La fuente de HSPG celular en el cerebro de mamíferos está representada por astrocitos y microglia, que se ha demostrado por inmunofluorescencia y / o Western Blot para expresar HSPG tanto in vitro como in vivo [43, 44]. Sin embargo, los factores implicados en la biosíntesis HSPG y deposición han sido poco investigados. Recientemente regulación de la HSPG por lesión y la IL-1 α se ha demostrado en astrocitos y microglia [45]. Por lo tanto, la estimulación de las células microglial por HSPG, seguido por el aumento de la producción de citoquinas proinflamatorias podría estimular aún más la formación de HSPG en un autocrina, feed-forward.

La importancia de la deposición en HSPG AD patogénesis es apoyado por el hecho de que se une una HSPG β, acelera la formación de un β fibril y mantiene un β fibril estabilidad [46]. La mayoría de estos efectos de la HSPG han demostrado ser debido a sus asociados HSGAG secundarios cadenas, como sugirió también la falta de un extracelular β depósitos en ratones transgénicos overexpressing HSPG proteínas básicas [47]. Esto contrasta con nuestros resultados muestran que el papel de HSPG proinflamatorias es principalmente de proteínas mediada por su núcleo. Sin embargo, en estos ratones transgénicos HSPG se detectó sólo dentro de las células, es decir, sin acumulación de los compuestos en el medio extracelular, que es un sello en lugar de AD neurodegeneración. Los estudios realizados en estos animales, por lo tanto, no permiten sacar conclusiones acerca del papel de extracelular HSPG en AD.

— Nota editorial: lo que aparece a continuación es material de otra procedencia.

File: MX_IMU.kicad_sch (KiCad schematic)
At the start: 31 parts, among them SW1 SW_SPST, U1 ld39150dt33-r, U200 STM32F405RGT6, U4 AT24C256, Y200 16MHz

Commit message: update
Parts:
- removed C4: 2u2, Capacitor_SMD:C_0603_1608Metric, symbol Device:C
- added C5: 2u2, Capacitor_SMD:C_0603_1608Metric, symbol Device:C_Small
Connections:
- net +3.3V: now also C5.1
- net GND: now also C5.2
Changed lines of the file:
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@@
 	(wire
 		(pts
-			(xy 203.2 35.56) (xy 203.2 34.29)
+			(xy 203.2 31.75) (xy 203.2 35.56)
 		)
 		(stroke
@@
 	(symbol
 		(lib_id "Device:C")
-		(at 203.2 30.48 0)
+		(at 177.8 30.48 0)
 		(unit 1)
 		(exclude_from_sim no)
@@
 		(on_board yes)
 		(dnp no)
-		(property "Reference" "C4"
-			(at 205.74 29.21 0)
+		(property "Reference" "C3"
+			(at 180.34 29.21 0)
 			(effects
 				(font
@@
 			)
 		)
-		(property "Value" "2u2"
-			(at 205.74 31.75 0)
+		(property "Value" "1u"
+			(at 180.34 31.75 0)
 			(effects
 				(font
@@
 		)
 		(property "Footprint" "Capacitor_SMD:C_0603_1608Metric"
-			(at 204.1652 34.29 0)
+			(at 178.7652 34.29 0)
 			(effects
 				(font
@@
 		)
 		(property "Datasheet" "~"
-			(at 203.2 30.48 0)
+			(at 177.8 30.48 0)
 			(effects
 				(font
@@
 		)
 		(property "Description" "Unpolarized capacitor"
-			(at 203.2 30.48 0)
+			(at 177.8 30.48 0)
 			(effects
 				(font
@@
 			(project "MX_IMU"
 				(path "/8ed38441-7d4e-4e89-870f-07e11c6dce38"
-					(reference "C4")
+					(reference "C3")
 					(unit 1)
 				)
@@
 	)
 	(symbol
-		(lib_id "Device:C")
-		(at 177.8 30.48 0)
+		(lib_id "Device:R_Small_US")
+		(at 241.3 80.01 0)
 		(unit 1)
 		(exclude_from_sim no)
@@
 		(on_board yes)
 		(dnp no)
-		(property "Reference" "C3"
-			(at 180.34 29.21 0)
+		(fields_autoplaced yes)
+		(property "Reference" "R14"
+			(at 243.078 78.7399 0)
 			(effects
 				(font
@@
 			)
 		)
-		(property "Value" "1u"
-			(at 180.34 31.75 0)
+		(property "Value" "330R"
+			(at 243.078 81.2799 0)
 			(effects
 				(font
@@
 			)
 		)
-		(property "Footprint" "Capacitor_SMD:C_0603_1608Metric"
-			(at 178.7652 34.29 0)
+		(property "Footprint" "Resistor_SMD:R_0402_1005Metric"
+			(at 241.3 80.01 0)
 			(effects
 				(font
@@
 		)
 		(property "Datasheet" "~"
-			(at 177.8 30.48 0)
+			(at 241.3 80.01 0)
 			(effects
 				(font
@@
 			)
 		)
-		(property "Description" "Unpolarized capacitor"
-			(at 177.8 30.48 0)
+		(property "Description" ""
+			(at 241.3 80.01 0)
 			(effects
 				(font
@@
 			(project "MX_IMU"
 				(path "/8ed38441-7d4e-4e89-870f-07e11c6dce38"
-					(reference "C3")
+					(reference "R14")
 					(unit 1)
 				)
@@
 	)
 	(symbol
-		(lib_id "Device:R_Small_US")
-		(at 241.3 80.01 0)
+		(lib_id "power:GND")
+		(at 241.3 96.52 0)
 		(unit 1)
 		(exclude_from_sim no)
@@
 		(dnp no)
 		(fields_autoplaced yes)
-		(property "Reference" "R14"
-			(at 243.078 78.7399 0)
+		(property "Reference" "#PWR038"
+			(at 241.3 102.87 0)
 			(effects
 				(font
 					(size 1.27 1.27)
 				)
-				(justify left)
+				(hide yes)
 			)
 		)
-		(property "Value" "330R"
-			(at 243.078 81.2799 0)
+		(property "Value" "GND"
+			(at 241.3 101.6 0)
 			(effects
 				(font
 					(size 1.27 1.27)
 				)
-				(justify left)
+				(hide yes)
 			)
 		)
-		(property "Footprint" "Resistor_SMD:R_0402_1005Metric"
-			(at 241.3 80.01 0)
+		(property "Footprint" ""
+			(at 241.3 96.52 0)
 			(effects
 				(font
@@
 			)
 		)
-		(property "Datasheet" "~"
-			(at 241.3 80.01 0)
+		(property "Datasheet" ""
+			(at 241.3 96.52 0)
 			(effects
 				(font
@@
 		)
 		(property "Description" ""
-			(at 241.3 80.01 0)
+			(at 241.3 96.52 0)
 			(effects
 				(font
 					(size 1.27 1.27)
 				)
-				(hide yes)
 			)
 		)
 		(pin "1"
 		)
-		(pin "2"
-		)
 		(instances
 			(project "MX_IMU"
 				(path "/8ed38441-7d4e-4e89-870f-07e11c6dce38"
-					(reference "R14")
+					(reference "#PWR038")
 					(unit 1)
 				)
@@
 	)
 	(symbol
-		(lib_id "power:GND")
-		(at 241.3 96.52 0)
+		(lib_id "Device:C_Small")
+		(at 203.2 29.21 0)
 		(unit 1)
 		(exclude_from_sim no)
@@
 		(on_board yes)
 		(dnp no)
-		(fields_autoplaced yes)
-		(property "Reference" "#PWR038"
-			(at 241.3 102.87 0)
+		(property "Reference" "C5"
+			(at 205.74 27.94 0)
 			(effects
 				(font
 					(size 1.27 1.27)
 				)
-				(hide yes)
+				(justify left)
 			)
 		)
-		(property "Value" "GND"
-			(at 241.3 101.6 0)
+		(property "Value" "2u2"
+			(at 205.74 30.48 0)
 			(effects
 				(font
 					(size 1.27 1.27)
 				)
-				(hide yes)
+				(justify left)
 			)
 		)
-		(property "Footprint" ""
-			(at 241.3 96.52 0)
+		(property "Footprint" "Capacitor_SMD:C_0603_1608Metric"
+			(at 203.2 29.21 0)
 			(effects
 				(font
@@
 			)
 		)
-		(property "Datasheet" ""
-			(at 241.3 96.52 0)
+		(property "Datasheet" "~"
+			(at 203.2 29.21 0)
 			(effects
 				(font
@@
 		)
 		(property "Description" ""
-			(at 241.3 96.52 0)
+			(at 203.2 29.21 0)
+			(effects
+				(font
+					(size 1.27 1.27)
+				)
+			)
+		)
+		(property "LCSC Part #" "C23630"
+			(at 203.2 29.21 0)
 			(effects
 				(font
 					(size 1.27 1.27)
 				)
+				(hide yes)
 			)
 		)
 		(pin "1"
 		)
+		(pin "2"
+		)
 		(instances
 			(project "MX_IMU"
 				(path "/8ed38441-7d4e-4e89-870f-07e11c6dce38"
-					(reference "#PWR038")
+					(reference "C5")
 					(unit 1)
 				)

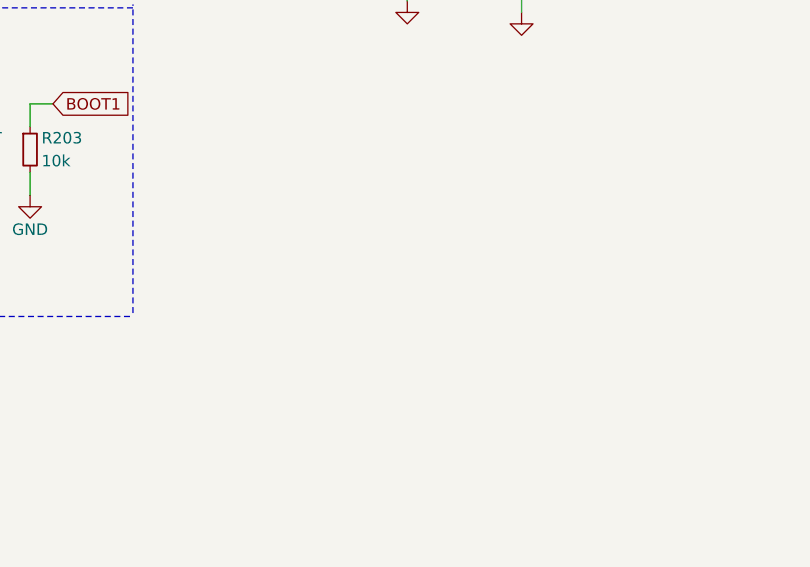
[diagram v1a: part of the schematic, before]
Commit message: add mountinghole in sch
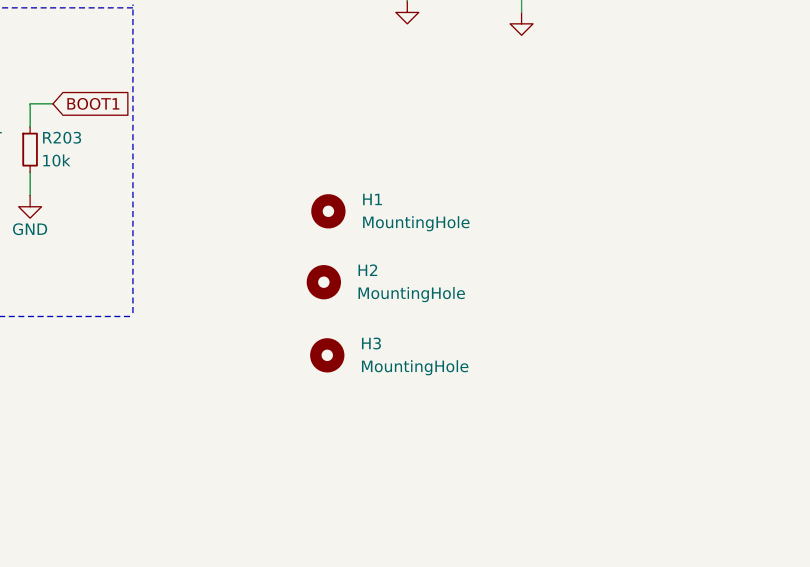
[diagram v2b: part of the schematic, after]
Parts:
- added H1, H2, H3: MountingHole, MountingHole:MountingHole_2mm, symbol Mechanical:MountingHole
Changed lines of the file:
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@@
+	)
+	(symbol
+		(lib_id "Mechanical:MountingHole")
+		(at 219.71 134.62 0)
+		(unit 1)
+		(exclude_from_sim no)
+		(in_bom no)
+		(on_board yes)
+		(dnp no)
+		(fields_autoplaced yes)
+		(property "Reference" "H3"
+			(at 223.393 133.3499 0)
+			(effects
+				(font
+					(size 1.27 1.27)
+				)
+				(justify left)
+			)
+		)
+		(property "Value" "MountingHole"
+			(at 223.393 135.8899 0)
+			(effects
+				(font
+					(size 1.27 1.27)
+				)
+				(justify left)
+			)
+		)
+		(property "Footprint" "MountingHole:MountingHole_2mm"
+			(at 219.71 134.62 0)
+			(effects
+				(font
+					(size 1.27 1.27)
+				)
+				(hide yes)
+			)
+		)
+		(property "Datasheet" "~"
+			(at 219.71 134.62 0)
+			(effects
+				(font
+					(size 1.27 1.27)
+				)
+				(hide yes)
+			)
+		)
+		(property "Description" "Mounting Hole without connection"
+			(at 219.71 134.62 0)
+			(effects
+				(font
+					(size 1.27 1.27)
+				)
+				(hide yes)
+			)
+		)
+		(instances
+			(project "MX_IMU"
+				(path "/8ed38441-7d4e-4e89-870f-07e11c6dce38"
+					(reference "H3")
+					(unit 1)
+				)
+			)
+		)
 	)
 	(symbol
@@
 	)
 	(symbol
+		(lib_id "Mechanical:MountingHole")
+		(at 219.329 126.492 0)
+		(unit 1)
+		(exclude_from_sim no)
+		(in_bom no)
+		(on_board yes)
+		(dnp no)
+		(fields_autoplaced yes)
+		(property "Reference" "H2"
+			(at 223.012 125.2219 0)
+			(effects
+				(font
+					(size 1.27 1.27)
+				)
+				(justify left)
+			)
+		)
+		(property "Value" "MountingHole"
+			(at 223.012 127.7619 0)
+			(effects
+				(font
+					(size 1.27 1.27)
+				)
+				(justify left)
+			)
+		)
+		(property "Footprint" "MountingHole:MountingHole_2mm"
+			(at 219.329 126.492 0)
+			(effects
+				(font
+					(size 1.27 1.27)
+				)
+				(hide yes)
+			)
+		)
+		(property "Datasheet" "~"
+			(at 219.329 126.492 0)
+			(effects
+				(font
+					(size 1.27 1.27)
+				)
+				(hide yes)
+			)
+		)
+		(property "Description" "Mounting Hole without connection"
+			(at 219.329 126.492 0)
+			(effects
+				(font
+					(size 1.27 1.27)
+				)
+				(hide yes)
+			)
+		)
+		(instances
+			(project "MX_IMU"
+				(path "/8ed38441-7d4e-4e89-870f-07e11c6dce38"
+					(reference "H2")
+					(unit 1)
+				)
+			)
+		)
+	)
+	(symbol
 		(lib_id "power:+3.3V")
 		(at 162.56 142.24 0)
@@
 					(unit 1)
 				)
+			)
+		)
+	)
+	(symbol
+		(lib_id "Mechanical:MountingHole")
+		(at 219.837 118.618 0)
+		(unit 1)
+		(exclude_from_sim no)
+		(in_bom no)
+		(on_board yes)
+		(dnp no)
+		(fields_autoplaced yes)
+		(property "Reference" "H1"
+			(at 223.52 117.3479 0)
+			(effects
+				(font
+					(size 1.27 1.27)
+				)
+				(justify left)
+			)
+		)
+		(property "Value" "MountingHole"
+			(at 223.52 119.8879 0)
+			(effects
+				(font
+					(size 1.27 1.27)
+				)
+				(justify left)
+			)
+		)
+		(property "Footprint" "MountingHole:MountingHole_2mm"
+			(at 219.837 118.618 0)
+			(effects
+				(font
+					(size 1.27 1.27)
+				)
+				(hide yes)
+			)
+		)
+		(property "Datasheet" "~"
+			(at 219.837 118.618 0)
+			(effects
+				(font
+					(size 1.27 1.27)
+				)
+				(hide yes)
+			)
+		)
+		(property "Description" "Mounting Hole without connection"
+			(at 219.837 118.618 0)
+			(effects
+				(font
+					(size 1.27 1.27)
+				)
+				(hide yes)
+			)
+		)
+		(instances
+			(project ""
+				(path "/8ed38441-7d4e-4e89-870f-07e11c6dce38"
+					(reference "H1")
+					(unit 1)
+				)

En conclusión, la posible participación de HSPG en NO y TNF-α-mediado lesión neuronal inducida por la microglia añade una nueva función biológica de esta molécula en la patogénesis de la EA. Estos datos indican que HSPG inmunomoduladores desempeña un papel en la activación de la microglia, además de la que se propone en amyloidogenic vías y demostrar otro mecanismo por el cual la respuesta inmune puede activar de AD en el cerebro. Por lo tanto, una mayor comprensión de la función de HSPG en la patogénesis de la EA ayudaría en el desarrollo de racional, orientada estrategias terapéuticas para combatir esta enfermedad neurodegenerativa.

Agradecimientos

Damos las gracias al apoyo financiero de la MANAD proyecto de la Comunidad Europea y de "Ricerca Finalizzata Alzheimer 2000", del Ministerio italiano de Sanidad.